■ Supplied records ■
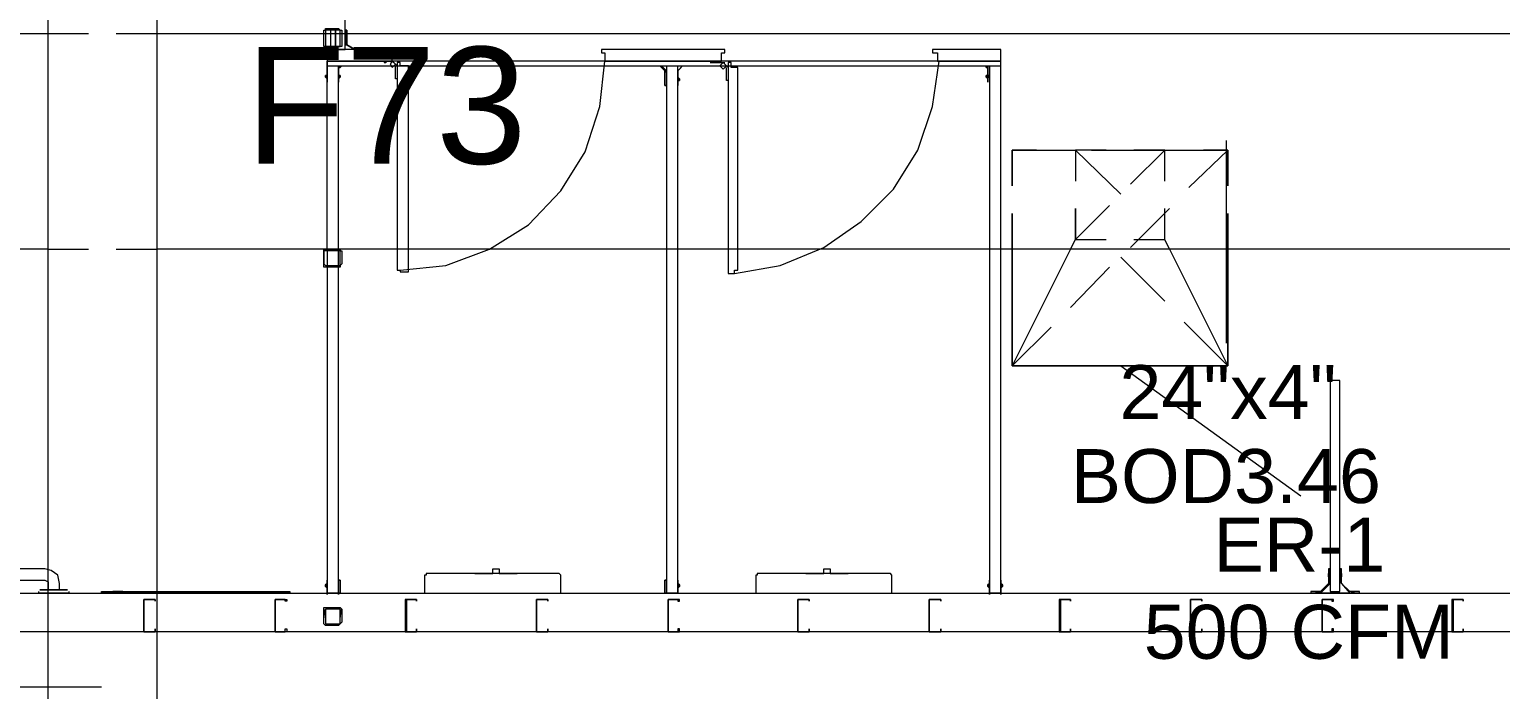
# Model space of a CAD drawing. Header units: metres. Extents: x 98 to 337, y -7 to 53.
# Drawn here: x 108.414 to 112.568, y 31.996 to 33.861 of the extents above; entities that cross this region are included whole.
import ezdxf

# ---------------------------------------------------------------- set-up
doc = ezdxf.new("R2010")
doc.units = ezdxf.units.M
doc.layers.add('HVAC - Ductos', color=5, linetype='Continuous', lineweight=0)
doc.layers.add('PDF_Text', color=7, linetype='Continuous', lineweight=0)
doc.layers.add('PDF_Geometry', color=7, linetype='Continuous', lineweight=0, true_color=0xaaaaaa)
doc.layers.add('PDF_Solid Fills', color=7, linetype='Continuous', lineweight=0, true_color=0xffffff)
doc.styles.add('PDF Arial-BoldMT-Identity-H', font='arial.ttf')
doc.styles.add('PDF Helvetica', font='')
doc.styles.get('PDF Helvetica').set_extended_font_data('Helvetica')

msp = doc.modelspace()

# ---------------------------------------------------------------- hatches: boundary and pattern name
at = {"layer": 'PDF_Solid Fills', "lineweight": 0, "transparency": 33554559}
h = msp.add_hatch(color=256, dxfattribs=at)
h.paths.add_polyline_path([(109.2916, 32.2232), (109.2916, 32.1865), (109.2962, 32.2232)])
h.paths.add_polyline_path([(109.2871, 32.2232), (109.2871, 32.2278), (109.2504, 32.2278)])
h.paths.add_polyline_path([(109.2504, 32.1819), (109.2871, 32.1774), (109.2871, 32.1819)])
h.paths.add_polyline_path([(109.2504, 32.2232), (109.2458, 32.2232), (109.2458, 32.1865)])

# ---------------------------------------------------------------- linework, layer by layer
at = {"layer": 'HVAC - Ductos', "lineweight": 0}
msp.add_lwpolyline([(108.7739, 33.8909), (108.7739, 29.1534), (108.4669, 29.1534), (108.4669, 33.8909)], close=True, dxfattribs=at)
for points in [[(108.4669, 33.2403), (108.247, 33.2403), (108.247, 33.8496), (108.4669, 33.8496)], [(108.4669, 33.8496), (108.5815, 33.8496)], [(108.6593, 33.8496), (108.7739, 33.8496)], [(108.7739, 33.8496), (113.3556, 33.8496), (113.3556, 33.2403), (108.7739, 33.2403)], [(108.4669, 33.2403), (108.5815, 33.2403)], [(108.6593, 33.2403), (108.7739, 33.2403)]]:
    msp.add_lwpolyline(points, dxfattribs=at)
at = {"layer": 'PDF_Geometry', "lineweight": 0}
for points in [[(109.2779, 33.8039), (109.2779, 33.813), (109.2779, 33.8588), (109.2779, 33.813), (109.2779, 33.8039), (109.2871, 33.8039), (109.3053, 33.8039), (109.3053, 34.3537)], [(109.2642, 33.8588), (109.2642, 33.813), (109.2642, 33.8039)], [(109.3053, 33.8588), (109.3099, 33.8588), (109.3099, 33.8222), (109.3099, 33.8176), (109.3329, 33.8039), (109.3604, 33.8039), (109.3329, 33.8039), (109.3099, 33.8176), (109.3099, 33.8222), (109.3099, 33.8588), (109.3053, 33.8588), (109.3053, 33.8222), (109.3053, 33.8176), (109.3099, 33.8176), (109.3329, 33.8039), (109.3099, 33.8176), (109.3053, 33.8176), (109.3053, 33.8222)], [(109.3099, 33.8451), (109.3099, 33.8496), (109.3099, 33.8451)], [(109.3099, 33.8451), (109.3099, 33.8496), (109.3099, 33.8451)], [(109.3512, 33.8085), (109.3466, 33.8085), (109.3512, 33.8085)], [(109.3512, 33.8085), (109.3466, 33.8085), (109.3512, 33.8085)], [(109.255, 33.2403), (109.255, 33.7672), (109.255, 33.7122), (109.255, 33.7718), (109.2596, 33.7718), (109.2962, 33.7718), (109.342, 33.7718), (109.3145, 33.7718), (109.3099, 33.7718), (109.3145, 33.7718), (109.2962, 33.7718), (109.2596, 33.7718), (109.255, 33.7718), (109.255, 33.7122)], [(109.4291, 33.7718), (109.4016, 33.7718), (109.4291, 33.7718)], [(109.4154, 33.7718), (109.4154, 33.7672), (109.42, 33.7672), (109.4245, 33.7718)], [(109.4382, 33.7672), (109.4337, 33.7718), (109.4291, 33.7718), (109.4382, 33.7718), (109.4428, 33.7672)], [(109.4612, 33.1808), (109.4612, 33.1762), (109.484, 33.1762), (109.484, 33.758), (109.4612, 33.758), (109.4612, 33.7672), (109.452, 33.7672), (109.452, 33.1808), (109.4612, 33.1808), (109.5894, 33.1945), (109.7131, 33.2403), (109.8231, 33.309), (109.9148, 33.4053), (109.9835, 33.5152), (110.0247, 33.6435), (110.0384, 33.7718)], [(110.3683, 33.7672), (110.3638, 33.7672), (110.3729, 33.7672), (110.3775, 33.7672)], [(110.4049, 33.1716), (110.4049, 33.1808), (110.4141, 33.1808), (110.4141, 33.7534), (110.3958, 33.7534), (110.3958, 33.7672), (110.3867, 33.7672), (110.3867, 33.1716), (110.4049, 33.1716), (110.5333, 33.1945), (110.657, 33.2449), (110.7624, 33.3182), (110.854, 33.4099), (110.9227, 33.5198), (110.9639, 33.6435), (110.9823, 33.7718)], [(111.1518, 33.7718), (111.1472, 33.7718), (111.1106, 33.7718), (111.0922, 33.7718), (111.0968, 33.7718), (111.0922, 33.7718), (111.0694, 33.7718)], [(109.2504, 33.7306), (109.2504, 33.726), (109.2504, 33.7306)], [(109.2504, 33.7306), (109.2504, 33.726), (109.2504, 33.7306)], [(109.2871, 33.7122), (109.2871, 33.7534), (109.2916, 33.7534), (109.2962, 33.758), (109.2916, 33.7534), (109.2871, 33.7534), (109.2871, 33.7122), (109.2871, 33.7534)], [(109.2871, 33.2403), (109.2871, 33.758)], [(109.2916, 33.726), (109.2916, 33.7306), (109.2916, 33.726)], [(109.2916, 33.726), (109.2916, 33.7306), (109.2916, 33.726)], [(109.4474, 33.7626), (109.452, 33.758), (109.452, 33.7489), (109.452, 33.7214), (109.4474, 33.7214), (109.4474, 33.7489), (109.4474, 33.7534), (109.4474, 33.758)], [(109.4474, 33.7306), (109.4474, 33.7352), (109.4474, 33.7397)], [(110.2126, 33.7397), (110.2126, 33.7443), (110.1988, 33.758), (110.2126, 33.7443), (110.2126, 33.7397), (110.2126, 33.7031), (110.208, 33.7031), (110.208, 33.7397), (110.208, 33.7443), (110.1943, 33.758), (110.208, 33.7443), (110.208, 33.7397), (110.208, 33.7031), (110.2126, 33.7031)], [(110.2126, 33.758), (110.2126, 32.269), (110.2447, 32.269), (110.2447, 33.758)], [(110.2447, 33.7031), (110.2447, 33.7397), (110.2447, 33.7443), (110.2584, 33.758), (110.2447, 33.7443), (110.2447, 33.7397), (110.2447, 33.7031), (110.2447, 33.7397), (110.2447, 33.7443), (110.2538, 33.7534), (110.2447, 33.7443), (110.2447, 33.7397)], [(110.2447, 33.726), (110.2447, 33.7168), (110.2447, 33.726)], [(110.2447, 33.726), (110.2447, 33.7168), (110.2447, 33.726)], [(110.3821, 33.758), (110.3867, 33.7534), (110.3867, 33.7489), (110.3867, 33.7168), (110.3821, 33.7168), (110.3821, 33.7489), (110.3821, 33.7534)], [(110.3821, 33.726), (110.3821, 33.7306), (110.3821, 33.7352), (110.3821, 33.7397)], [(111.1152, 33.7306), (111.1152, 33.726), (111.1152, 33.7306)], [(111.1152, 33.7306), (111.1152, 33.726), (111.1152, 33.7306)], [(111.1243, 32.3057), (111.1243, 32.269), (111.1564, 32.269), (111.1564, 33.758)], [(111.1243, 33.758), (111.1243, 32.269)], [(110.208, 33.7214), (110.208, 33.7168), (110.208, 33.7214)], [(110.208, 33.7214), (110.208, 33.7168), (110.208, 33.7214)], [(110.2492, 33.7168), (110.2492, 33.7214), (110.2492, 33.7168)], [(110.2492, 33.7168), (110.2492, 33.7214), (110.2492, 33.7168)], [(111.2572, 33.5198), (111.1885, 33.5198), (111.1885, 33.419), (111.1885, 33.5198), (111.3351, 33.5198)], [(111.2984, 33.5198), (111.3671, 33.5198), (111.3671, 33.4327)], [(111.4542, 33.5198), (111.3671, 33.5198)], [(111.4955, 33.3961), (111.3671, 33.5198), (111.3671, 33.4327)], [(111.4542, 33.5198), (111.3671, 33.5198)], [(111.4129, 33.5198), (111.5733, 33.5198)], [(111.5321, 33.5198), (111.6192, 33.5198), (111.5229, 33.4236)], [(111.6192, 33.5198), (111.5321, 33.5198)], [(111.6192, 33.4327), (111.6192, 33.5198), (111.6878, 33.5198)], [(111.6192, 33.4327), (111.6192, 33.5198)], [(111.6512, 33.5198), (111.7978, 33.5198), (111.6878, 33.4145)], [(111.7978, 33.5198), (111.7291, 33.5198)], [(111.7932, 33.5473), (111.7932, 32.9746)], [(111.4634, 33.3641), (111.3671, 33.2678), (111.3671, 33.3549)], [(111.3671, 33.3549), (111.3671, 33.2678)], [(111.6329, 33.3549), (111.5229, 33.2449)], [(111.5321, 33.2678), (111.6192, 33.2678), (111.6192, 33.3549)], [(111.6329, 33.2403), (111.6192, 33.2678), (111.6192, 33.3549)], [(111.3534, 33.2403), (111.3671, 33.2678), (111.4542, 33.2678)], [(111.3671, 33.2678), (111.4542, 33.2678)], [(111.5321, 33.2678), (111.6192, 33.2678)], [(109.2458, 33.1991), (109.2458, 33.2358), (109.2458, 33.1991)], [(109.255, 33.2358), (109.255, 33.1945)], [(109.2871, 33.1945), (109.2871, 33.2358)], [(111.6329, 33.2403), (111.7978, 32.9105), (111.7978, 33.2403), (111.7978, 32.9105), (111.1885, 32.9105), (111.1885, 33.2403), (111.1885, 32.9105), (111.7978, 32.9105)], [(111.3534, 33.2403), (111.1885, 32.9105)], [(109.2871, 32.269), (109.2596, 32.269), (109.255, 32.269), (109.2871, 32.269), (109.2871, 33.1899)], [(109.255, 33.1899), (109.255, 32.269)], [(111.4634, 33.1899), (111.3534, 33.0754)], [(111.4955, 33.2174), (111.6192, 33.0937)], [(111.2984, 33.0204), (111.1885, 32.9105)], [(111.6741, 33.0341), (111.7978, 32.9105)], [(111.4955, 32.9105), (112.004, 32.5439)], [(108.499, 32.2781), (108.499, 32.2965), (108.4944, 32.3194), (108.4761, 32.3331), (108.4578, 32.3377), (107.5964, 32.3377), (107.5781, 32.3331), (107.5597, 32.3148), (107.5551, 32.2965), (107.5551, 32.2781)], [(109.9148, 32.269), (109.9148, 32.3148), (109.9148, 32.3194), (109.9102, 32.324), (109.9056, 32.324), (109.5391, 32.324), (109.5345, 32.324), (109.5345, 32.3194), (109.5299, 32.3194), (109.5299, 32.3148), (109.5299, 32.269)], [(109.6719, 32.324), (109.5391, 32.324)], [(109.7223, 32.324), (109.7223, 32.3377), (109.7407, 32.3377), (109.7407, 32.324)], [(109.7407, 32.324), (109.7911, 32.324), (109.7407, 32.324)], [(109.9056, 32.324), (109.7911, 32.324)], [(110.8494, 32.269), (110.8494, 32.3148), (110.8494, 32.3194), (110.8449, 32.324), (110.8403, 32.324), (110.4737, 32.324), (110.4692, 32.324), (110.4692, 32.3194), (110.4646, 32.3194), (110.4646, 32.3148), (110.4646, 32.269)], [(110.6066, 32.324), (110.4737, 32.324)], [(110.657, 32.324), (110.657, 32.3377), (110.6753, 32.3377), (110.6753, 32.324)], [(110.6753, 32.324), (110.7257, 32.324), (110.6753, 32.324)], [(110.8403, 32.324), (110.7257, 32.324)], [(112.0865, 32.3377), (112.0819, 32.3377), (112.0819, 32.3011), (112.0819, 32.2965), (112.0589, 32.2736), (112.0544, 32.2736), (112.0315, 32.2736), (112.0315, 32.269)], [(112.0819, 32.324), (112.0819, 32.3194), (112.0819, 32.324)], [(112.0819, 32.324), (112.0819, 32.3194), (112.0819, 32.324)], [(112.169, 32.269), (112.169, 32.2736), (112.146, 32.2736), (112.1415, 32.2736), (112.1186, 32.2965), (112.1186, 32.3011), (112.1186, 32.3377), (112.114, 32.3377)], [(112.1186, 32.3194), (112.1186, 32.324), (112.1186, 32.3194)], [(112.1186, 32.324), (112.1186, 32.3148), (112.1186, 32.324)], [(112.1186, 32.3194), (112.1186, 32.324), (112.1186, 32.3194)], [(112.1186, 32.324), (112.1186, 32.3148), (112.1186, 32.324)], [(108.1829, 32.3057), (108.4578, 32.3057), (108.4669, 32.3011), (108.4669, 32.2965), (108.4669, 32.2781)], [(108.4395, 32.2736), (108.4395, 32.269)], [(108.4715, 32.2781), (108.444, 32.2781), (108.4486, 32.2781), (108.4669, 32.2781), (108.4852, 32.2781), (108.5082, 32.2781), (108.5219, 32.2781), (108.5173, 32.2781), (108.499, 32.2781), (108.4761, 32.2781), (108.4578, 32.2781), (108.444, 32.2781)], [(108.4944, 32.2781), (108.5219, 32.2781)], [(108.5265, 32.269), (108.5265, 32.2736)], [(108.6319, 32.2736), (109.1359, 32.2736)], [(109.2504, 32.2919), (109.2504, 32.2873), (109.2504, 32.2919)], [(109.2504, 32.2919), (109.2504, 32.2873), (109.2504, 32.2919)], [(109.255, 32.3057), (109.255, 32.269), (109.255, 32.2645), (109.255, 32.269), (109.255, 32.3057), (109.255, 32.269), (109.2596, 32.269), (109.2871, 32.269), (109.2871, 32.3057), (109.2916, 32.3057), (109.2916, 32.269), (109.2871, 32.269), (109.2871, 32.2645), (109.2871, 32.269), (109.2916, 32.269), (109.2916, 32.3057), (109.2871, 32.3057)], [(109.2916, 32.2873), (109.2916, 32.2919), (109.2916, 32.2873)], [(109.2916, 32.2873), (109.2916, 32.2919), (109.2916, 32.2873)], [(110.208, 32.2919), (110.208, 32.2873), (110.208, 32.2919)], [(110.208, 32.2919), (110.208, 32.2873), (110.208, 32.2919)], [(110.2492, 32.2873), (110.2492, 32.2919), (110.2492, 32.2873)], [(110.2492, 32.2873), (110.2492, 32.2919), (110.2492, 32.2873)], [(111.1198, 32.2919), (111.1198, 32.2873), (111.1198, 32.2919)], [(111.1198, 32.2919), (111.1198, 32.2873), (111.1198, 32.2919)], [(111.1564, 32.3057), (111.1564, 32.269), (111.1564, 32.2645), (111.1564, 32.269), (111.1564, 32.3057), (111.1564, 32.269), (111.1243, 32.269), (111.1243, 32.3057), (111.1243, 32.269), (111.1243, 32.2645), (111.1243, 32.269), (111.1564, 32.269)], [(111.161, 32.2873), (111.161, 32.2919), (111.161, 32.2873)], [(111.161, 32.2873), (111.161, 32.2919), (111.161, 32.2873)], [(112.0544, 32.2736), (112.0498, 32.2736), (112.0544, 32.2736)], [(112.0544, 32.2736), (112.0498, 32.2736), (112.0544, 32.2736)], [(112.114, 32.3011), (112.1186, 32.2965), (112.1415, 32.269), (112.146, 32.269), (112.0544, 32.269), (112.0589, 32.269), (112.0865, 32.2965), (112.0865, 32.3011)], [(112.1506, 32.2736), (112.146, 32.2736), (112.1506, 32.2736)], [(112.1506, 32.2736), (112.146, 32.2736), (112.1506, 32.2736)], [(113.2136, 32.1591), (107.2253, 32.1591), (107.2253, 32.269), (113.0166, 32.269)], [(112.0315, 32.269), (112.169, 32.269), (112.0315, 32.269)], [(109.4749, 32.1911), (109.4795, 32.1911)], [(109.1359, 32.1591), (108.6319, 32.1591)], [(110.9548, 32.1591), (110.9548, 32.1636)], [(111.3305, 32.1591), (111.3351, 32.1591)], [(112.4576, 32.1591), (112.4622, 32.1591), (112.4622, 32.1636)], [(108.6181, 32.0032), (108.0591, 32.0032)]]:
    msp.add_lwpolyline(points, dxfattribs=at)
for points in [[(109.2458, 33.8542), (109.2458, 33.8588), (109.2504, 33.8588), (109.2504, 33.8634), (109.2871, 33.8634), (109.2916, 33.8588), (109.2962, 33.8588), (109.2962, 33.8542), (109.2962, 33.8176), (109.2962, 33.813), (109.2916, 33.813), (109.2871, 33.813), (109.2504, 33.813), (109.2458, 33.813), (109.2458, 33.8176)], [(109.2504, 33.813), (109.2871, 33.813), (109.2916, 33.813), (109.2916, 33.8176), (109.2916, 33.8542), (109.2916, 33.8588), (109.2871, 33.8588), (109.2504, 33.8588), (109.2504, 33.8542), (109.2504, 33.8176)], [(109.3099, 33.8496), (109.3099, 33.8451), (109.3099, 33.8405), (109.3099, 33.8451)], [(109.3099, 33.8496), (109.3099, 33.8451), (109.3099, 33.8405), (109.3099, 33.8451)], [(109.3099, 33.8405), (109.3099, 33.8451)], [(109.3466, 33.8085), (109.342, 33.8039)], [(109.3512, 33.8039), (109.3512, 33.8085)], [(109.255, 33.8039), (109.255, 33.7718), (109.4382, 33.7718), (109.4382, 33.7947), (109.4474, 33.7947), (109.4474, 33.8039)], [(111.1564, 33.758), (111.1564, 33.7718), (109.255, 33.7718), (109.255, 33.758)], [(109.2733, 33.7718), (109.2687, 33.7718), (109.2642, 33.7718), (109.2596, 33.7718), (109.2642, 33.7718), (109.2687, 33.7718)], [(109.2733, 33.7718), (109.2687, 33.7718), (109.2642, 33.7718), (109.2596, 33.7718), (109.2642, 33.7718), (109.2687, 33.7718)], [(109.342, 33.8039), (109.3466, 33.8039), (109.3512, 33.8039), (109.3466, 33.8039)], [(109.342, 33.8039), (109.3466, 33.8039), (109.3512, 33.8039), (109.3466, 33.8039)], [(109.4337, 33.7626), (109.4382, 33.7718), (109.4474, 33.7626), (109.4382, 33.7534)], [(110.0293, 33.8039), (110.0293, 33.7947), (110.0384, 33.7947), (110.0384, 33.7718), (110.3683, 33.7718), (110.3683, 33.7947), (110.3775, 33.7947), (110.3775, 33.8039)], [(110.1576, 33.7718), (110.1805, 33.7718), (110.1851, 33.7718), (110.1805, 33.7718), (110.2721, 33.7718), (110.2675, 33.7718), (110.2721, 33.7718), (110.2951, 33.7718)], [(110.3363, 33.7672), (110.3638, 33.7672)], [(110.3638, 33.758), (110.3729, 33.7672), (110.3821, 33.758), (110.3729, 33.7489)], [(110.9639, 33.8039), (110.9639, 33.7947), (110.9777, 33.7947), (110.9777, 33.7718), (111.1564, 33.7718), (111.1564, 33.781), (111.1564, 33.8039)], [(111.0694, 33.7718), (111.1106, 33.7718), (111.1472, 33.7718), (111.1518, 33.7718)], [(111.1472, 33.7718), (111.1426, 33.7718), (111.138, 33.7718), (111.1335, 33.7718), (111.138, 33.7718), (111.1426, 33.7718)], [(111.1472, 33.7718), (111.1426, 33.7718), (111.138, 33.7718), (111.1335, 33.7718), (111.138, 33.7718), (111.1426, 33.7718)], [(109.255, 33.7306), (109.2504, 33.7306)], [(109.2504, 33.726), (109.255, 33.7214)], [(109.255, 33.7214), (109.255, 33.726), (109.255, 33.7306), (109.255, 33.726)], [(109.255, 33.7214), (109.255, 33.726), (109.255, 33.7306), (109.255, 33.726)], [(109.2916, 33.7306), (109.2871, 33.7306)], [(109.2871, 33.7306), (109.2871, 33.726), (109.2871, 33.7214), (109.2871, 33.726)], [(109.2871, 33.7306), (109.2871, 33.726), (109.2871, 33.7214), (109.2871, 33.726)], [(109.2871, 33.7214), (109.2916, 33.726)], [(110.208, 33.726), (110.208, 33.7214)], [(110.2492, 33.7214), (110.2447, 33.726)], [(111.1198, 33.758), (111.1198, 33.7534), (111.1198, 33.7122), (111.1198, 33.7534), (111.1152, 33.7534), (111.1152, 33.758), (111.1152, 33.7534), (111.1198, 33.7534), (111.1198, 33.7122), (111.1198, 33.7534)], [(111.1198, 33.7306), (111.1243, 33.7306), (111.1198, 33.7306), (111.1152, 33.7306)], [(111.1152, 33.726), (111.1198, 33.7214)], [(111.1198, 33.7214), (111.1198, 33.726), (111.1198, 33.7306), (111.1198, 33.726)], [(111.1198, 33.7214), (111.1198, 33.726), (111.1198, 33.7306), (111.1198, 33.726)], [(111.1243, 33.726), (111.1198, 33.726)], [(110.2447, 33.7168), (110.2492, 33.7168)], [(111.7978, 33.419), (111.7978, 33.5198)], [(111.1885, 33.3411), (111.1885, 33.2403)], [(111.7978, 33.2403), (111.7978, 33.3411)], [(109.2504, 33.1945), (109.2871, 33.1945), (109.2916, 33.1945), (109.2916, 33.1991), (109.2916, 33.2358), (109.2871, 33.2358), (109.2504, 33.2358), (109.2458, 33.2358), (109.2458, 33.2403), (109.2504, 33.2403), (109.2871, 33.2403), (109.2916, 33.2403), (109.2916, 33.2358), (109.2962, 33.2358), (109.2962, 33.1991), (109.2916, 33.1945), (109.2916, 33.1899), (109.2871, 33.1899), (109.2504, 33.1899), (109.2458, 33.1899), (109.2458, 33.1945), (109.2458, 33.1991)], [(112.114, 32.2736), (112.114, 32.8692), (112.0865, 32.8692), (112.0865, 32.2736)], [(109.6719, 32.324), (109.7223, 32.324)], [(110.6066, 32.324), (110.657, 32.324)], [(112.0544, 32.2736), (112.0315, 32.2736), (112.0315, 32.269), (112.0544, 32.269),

■ Required action ■
Search the lines above for the string "dxfattribs" and copy each line that has it.

■ Task result ■
h = msp.add_hatch(color=256, dxfattribs=at)
msp.add_lwpolyline([(108.7739, 33.8909), (108.7739, 29.1534), (108.4669, 29.1534), (108.4669, 33.8909)], close=True, dxfattribs=at)
    msp.add_lwpolyline(points, dxfattribs=at)
    msp.add_lwpolyline(points, dxfattribs=at)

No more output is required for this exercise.